[Work to be completed]
In every line of the records, look for "units", then report how many lines have it and nothing else.

[Extracted entries]
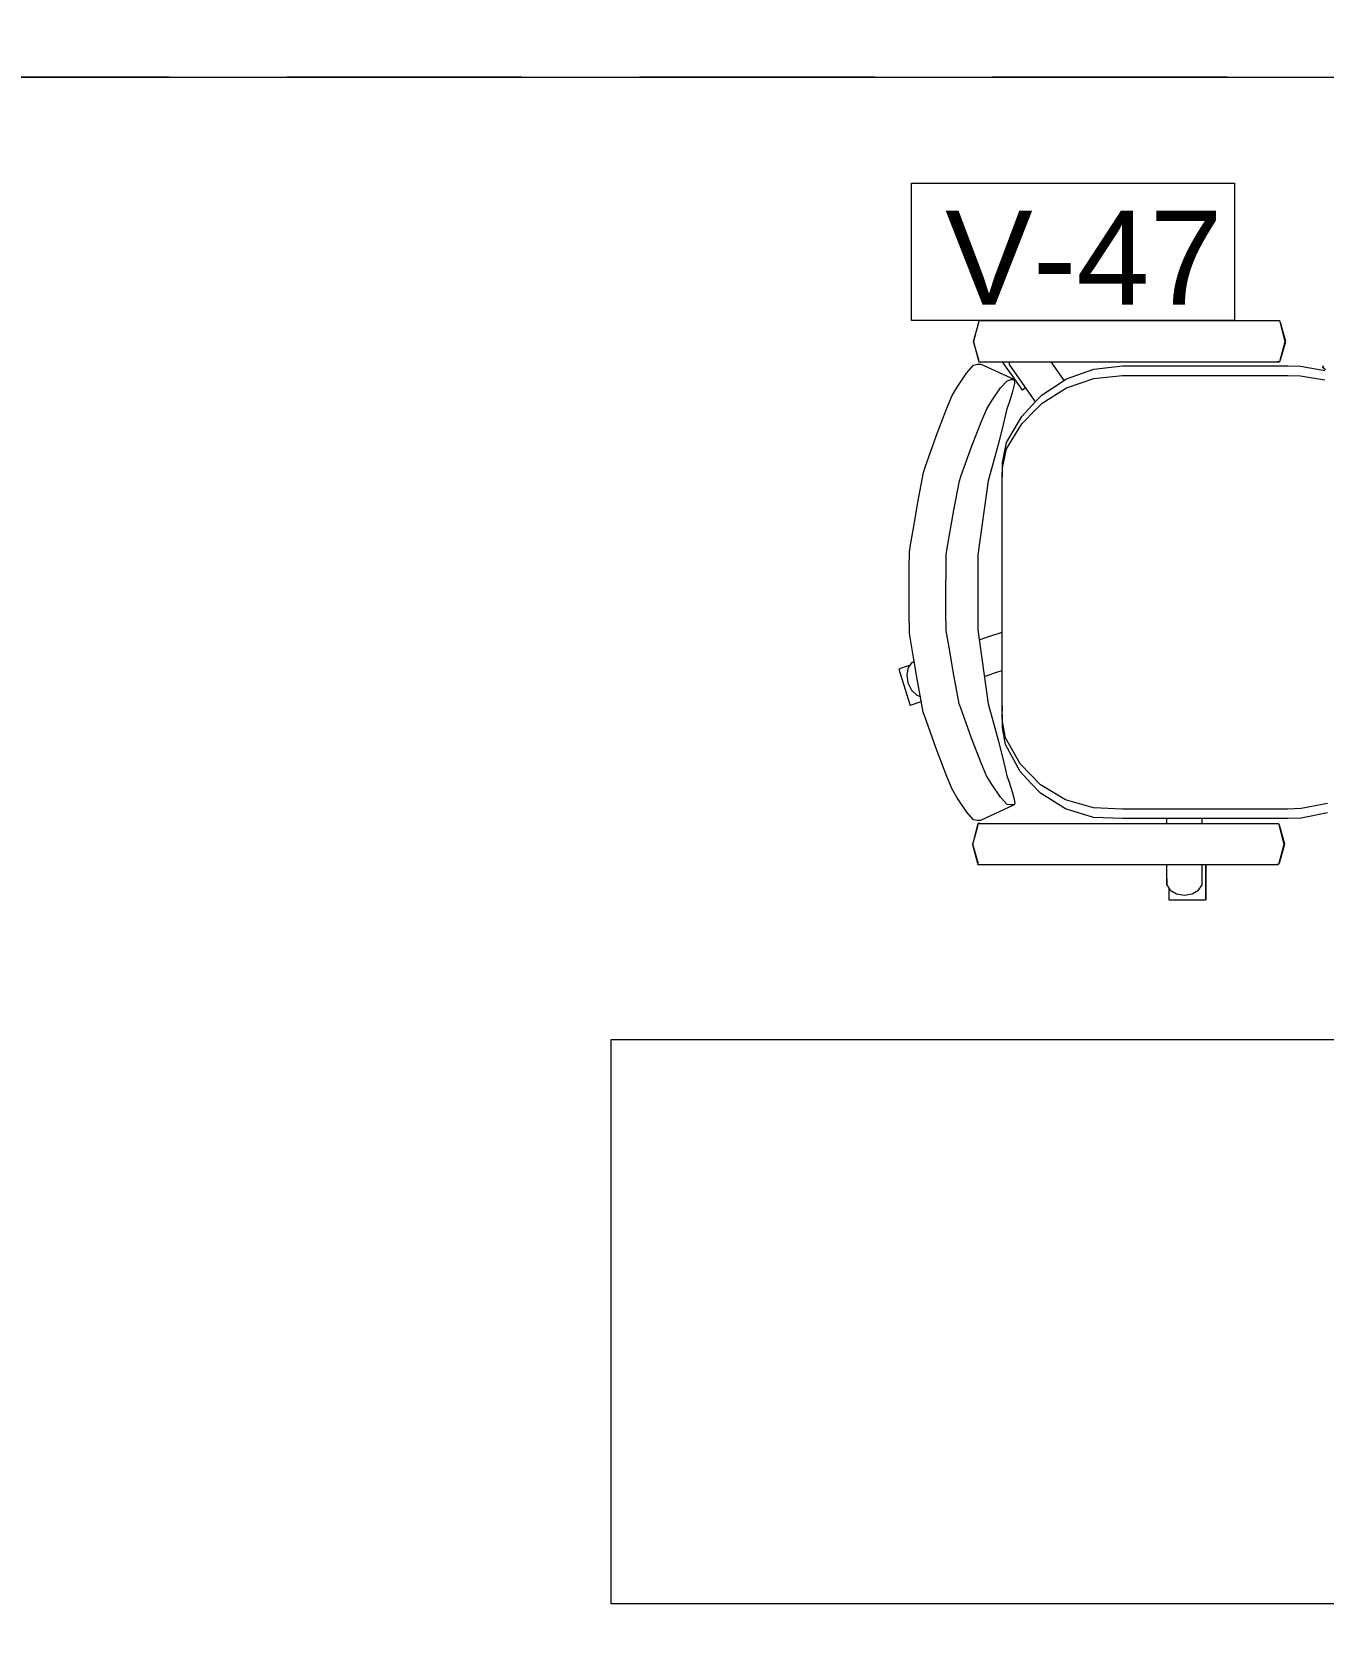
# Model space of a CAD drawing. Header units: inches. Extents: x 140 to 978, y -82 to 38.
# Drawn here: x 772.651 to 774.024, y 20.518 to 22.217 of the extents above; entities that cross this region are included whole.
import ezdxf

# ---------------------------------------------------------------- set-up
doc = ezdxf.new("R2010")
doc.units = ezdxf.units.IN
doc.header["$MEASUREMENT"] = 0
doc.linetypes.add('DASHED2', pattern=[0.375, 0.25, -0.125])
doc.layers.get('0').update_dxf_attribs({"lineweight": 0})
for name, color, linetype, lineweight in [('UNSAAC-COTA', 48, 'Continuous', 0), ('UNSAAC-FACHADA(2DO PLANO)', 7, 'Continuous', 30), ('UNSAAC-MUEBLE', 254, 'Continuous', 0), ('UNSAAC-MURETE', 146, 'Continuous', 20), ('UNSAAC-PROYECCIONES', 38, 'DASHED2', 0), ('UNSAAC-TEXTOS', 250, 'Continuous', 0)]:
    doc.layers.add(name, color=color, linetype=linetype, lineweight=lineweight)
doc.styles.add('narrow', font='')
doc.styles.get("Standard").update_dxf_attribs({"font": 'arial.ttf'})
doc.styles.get('narrow').set_extended_font_data('Arial Narrow', italic=True)
doc.dimstyles.new('1EN75', dxfattribs={"dimtxt": 0.15, "dimasz": 0.06, "dimexe": 0.1, "dimexo": 0.15, "dimgap": 0.025, "dimtad": 1, "dimzin": 1, "dimdsep": 46, "dimtxsty": 'narrow', "dimblk": 'DOT', "dimcen": 0.1, "dimclrd": 256, "dimclre": 256, "dimclrt": 256, "dimaunit": 1, "dimadec": 3, "dimazin": 0, "dimtfac": 1, "dimtmove": 2, "dimatfit": 3, "dimldrblk": 'ARCHTICK', "dimfxl": 0.3, "dimfxlon": 1, "dimtolj": 1, "dimtzin": 0, "dimlwd": 0, "dimlwe": 0, "dimarcsym": 0})

# ---------------------------------------------------------------- blocks, each defined once
blk = doc.blocks.new('A$C38507331')
at = {"layer": 'UNSAAC-PROYECCIONES'}
blk.add_lwpolyline([(-24.991, 34.4161), (-27.4921, 34.4161), (-29.8469, 32.1823), (-29.8469, 29.7609)], dxfattribs=at)
blk = doc.blocks.new('MODULO C.E - 1')
at = {"layer": 'UNSAAC-MUEBLE'}
for p, q in [((-1.4642, 0.9062), (-1.466, 0.9076)), ((-1.4657, 0.8828), (-1.4613, 0.9089)), ((-1.4617, 0.9095), (-1.4642, 0.9062)), ((-1.4555, 0.8828), (-1.4512, 0.9089)), ((-1.0008, 0.9117), (-0.9954, 0.8838)), ((-0.9909, 0.9117), (-0.9852, 0.8838)), ((-0.9954, 0.8838), (-0.9949, 0.8695)), ((-0.9852, 0.8838), (-0.9847, 0.8695)), ((-1.492, 0.8673), (-1.5123, 0.8615)), ((-1.4724, 0.8615), (-1.492, 0.8673)), ((-1.466, 0.8695), (-1.4657, 0.8828)), ((-1.466, 0.6937), (-1.466, 0.8695)), ((-1.4558, 0.8695), (-1.4555, 0.8828)), ((-1.4558, 0.6937), (-1.4558, 0.8695)), ((-0.9949, 0.8695), (-0.9949, 0.6937)), ((-0.9847, 0.8695), (-0.9847, 0.6937)), ((-1.5142, 0.8606), (-1.4917, 0.8663)), ((-1.5142, 0.8586), (-1.5142, 0.8606)), ((-1.5142, 0.8304), (-1.5142, 0.8606)), ((-1.5142, 0.8297), (-1.5142, 0.8586)), ((-1.5123, 0.8615), (-1.5123, 0.8611)), ((-1.5123, 0.8611), (-1.5123, 0.8615)), ((-1.4917, 0.8663), (-1.4704, 0.8606)), ((-1.4731, 0.8613), (-1.4724, 0.8615)), ((-1.4724, 0.8611), (-1.4724, 0.8615)), ((-1.4704, 0.8606), (-1.4704, 0.8586)), ((-1.4704, 0.8304), (-1.4704, 0.8606)), ((-1.4704, 0.8297), (-1.4704, 0.8586)), ((-0.9796, 0.8596), (-0.9571, 0.8653)), ((-0.9796, 0.8576), (-0.9796, 0.8596)), ((-0.9796, 0.8294), (-0.9796, 0.8596)), ((-0.9796, 0.8288), (-0.9796, 0.8576)), ((-0.9574, 0.8663), (-0.9777, 0.8606)), ((-0.9777, 0.8606), (-0.9777, 0.8601)), ((-0.9378, 0.8606), (-0.9574, 0.8663)), ((-0.9571, 0.8653), (-0.9358, 0.8596)), ((-0.9385, 0.8603), (-0.9378, 0.8606)), ((-0.9378, 0.8601), (-0.9378, 0.8606)), ((-0.9358, 0.8596), (-0.9358, 0.8576)), ((-0.9358, 0.8294), (-0.9358, 0.8596)), ((-0.9358, 0.8288), (-0.9358, 0.8576)), ((-1.5142, 0.799), (-1.5142, 0.8304)), ((-1.5142, 0.7985), (-1.5142, 0.8297)), ((-1.4704, 0.799), (-1.4704, 0.8304)), ((-1.4704, 0.7985), (-1.4704, 0.8297)), ((-0.9796, 0.798), (-0.9796, 0.8294)), ((-0.9796, 0.7975), (-0.9796, 0.8288)), ((-0.9358, 0.798), (-0.9358, 0.8294)), ((-0.9358, 0.7975), (-0.9358, 0.8288)), ((-1.5142, 0.7667), (-1.5142, 0.799)), ((-1.4704, 0.7667), (-1.4704, 0.799)), ((-1.5142, 0.7664), (-1.5142, 0.7985)), ((-1.4704, 0.7664), (-1.4704, 0.7985)), ((-0.9796, 0.7657), (-0.9796, 0.798)), ((-0.9796, 0.7654), (-0.9796, 0.7975)), ((-0.9358, 0.7657), (-0.9358, 0.798)), ((-0.9358, 0.7654), (-0.9358, 0.7975)), ((-0.9358, 0.7822), (-0.9268, 0.7822)), ((-0.9268, 0.7822), (-0.9358, 0.7822)), ((-0.9268, 0.7822), (-0.9164, 0.7822)), ((-0.9164, 0.7822), (-0.9268, 0.7822)), ((-0.9164, 0.7822), (-0.9071, 0.7822)), ((-0.9071, 0.7822), (-0.9164, 0.7822)), ((-0.9071, 0.7822), (-0.9006, 0.7822)), ((-0.9006, 0.7822), (-0.9071, 0.7822)), ((-0.9006, 0.7822), (-0.8983, 0.7822)), ((-0.8983, 0.7822), (-0.9006, 0.7822)), ((-0.8983, 0.743), (-0.8983, 0.7822)), ((-1.5142, 0.7338), (-1.5142, 0.7667)), ((-1.5142, 0.7337), (-1.5142, 0.7664)), ((-1.4704, 0.7338), (-1.4704, 0.7667)), ((-1.4704, 0.7337), (-1.4704, 0.7664)), ((-0.9796, 0.7782), (-0.9847, 0.7782)), ((-0.9796, 0.7782), (-0.9847, 0.7782)), ((-0.9796, 0.7328), (-0.9796, 0.7657)), ((-0.9796, 0.7327), (-0.9796, 0.7654)), ((-0.9144, 0.7782), (-0.9358, 0.7782)), ((-0.9207, 0.7782), (-0.9358, 0.7782)), ((-0.9358, 0.7328), (-0.9358, 0.7657)), ((-0.9358, 0.7327), (-0.9358, 0.7654)), ((-0.9087, 0.7745), (-0.9144, 0.7782)), ((-0.9048, 0.7678), (-0.9087, 0.7745)), ((-0.9034, 0.7595), (-0.9048, 0.7678)), ((-0.9087, 0.7445), (-0.9048, 0.7511)), ((-0.9048, 0.7511), (-0.9034, 0.7595)), ((-1.5142, 0.7007), (-1.5142, 0.7338)), ((-1.5142, 0.7007), (-1.5142, 0.7337)), ((-1.4704, 0.7007), (-1.4704, 0.7338)), ((-1.4704, 0.7007), (-1.4704, 0.7337)), ((-0.9796, 0.7407), (-0.9847, 0.7407)), ((-0.9796, 0.6997), (-0.9796, 0.7328)), ((-0.9796, 0.6997), (-0.9796, 0.7327)), ((-0.9207, 0.7407), (-0.9358, 0.7407)), ((-0.9144, 0.7407), (-0.9358, 0.7407)), ((-0.9358, 0.6997), (-0.9358, 0.7328)), ((-0.9358, 0.6997), (-0.9358, 0.7327)), ((-0.9207, 0.7407), (-0.9144, 0.7407)), ((-0.9144, 0.7407), (-0.9087, 0.7445)), ((-0.9109, 0.743), (-0.9071, 0.743)), ((-0.9071, 0.743), (-0.9006, 0.743)), ((-0.9006, 0.743), (-0.8983, 0.743)), ((-1.5142, 0.6677), (-1.5142, 0.7007)), ((-1.5142, 0.6676), (-1.5142, 0.7007)), ((-1.4704, 0.6677), (-1.4704, 0.7007)), ((-1.4704, 0.6676), (-1.4704, 0.7007)), ((-0.9796, 0.6668), (-0.9796, 0.6997)), ((-0.9796, 0.6666), (-0.9796, 0.6997)), ((-0.9358, 0.6668), (-0.9358, 0.6997)), ((-0.9358, 0.6666), (-0.9358, 0.6997)), ((-1.4627, 0.6632), (-1.466, 0.6937)), ((-1.4526, 0.6632), (-1.4558, 0.6937)), ((-0.9949, 0.6937), (-0.9961, 0.6628)), ((-0.9847, 0.6937), (-0.9859, 0.6628)), ((-1.5142, 0.6352), (-1.5142, 0.6677)), ((-1.5142, 0.6348), (-1.5142, 0.6676)), ((-1.4704, 0.6352), (-1.4704, 0.6677)), ((-1.4704, 0.6348), (-1.4704, 0.6676)), ((-1.4523, 0.6342), (-1.4627, 0.6632)), ((-1.4427, 0.6342), (-1.4526, 0.6632)), ((-0.9961, 0.6628), (-1.0048, 0.6331)), ((-0.9859, 0.6628), (-0.995, 0.6331)), ((-0.9796, 0.6342), (-0.9796, 0.6668)), ((-0.9796, 0.6338), (-0.9796, 0.6666)), ((-0.9358, 0.6342), (-0.9358, 0.6668)), ((-0.9358, 0.6338), (-0.9358, 0.6666)), ((-1.5142, 0.6033), (-1.5142, 0.6352)), ((-1.5142, 0.6027), (-1.5142, 0.6348)), ((-1.4704, 0.6033), (-1.4704, 0.6352)), ((-1.4704, 0.6027), (-1.4704, 0.6348)), ((-1.4562, 0.6273), (-1.4505, 0.6314)), ((-1.4354, 0.6081), (-1.4523, 0.6342)), ((-1.4265, 0.6081), (-1.4427, 0.6342)), ((-1.0048, 0.6331), (-1.0207, 0.6066)), ((-0.995, 0.6331), (-1.0116, 0.6066)), ((-0.9796, 0.6023), (-0.9796, 0.6342)), ((-0.9796, 0.6018), (-0.9796, 0.6338)), ((-0.9358, 0.6023), (-0.9358, 0.6342)), ((-0.9358, 0.6018), (-0.9358, 0.6338)), ((-1.4704, 0.6174), (-1.4562, 0.6273)), ((-1.5142, 0.5724), (-1.5142, 0.6033)), ((-1.5142, 0.5717), (-1.5142, 0.6027)), ((-1.4704, 0.5724), (-1.4704, 0.6033)), ((-1.4704, 0.5717), (-1.4704, 0.6027)), ((-1.4675, 0.5732), (-1.4335, 0.597)), ((-1.4282, 0.6012), (-1.4354, 0.6081)), ((-1.4335, 0.597), (-1.4279, 0.6009)), ((-1.4123, 0.5865), (-1.4282, 0.6012)), ((-1.4195, 0.6012), (-1.4265, 0.6081)), ((-1.4044, 0.5865), (-1.4195, 0.6012)), ((-1.0312, 0.5962), (-1.043, 0.5848)), ((-1.0225, 0.5962), (-1.0349, 0.5848)), ((-1.0207, 0.6066), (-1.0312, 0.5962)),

[Written reply]
2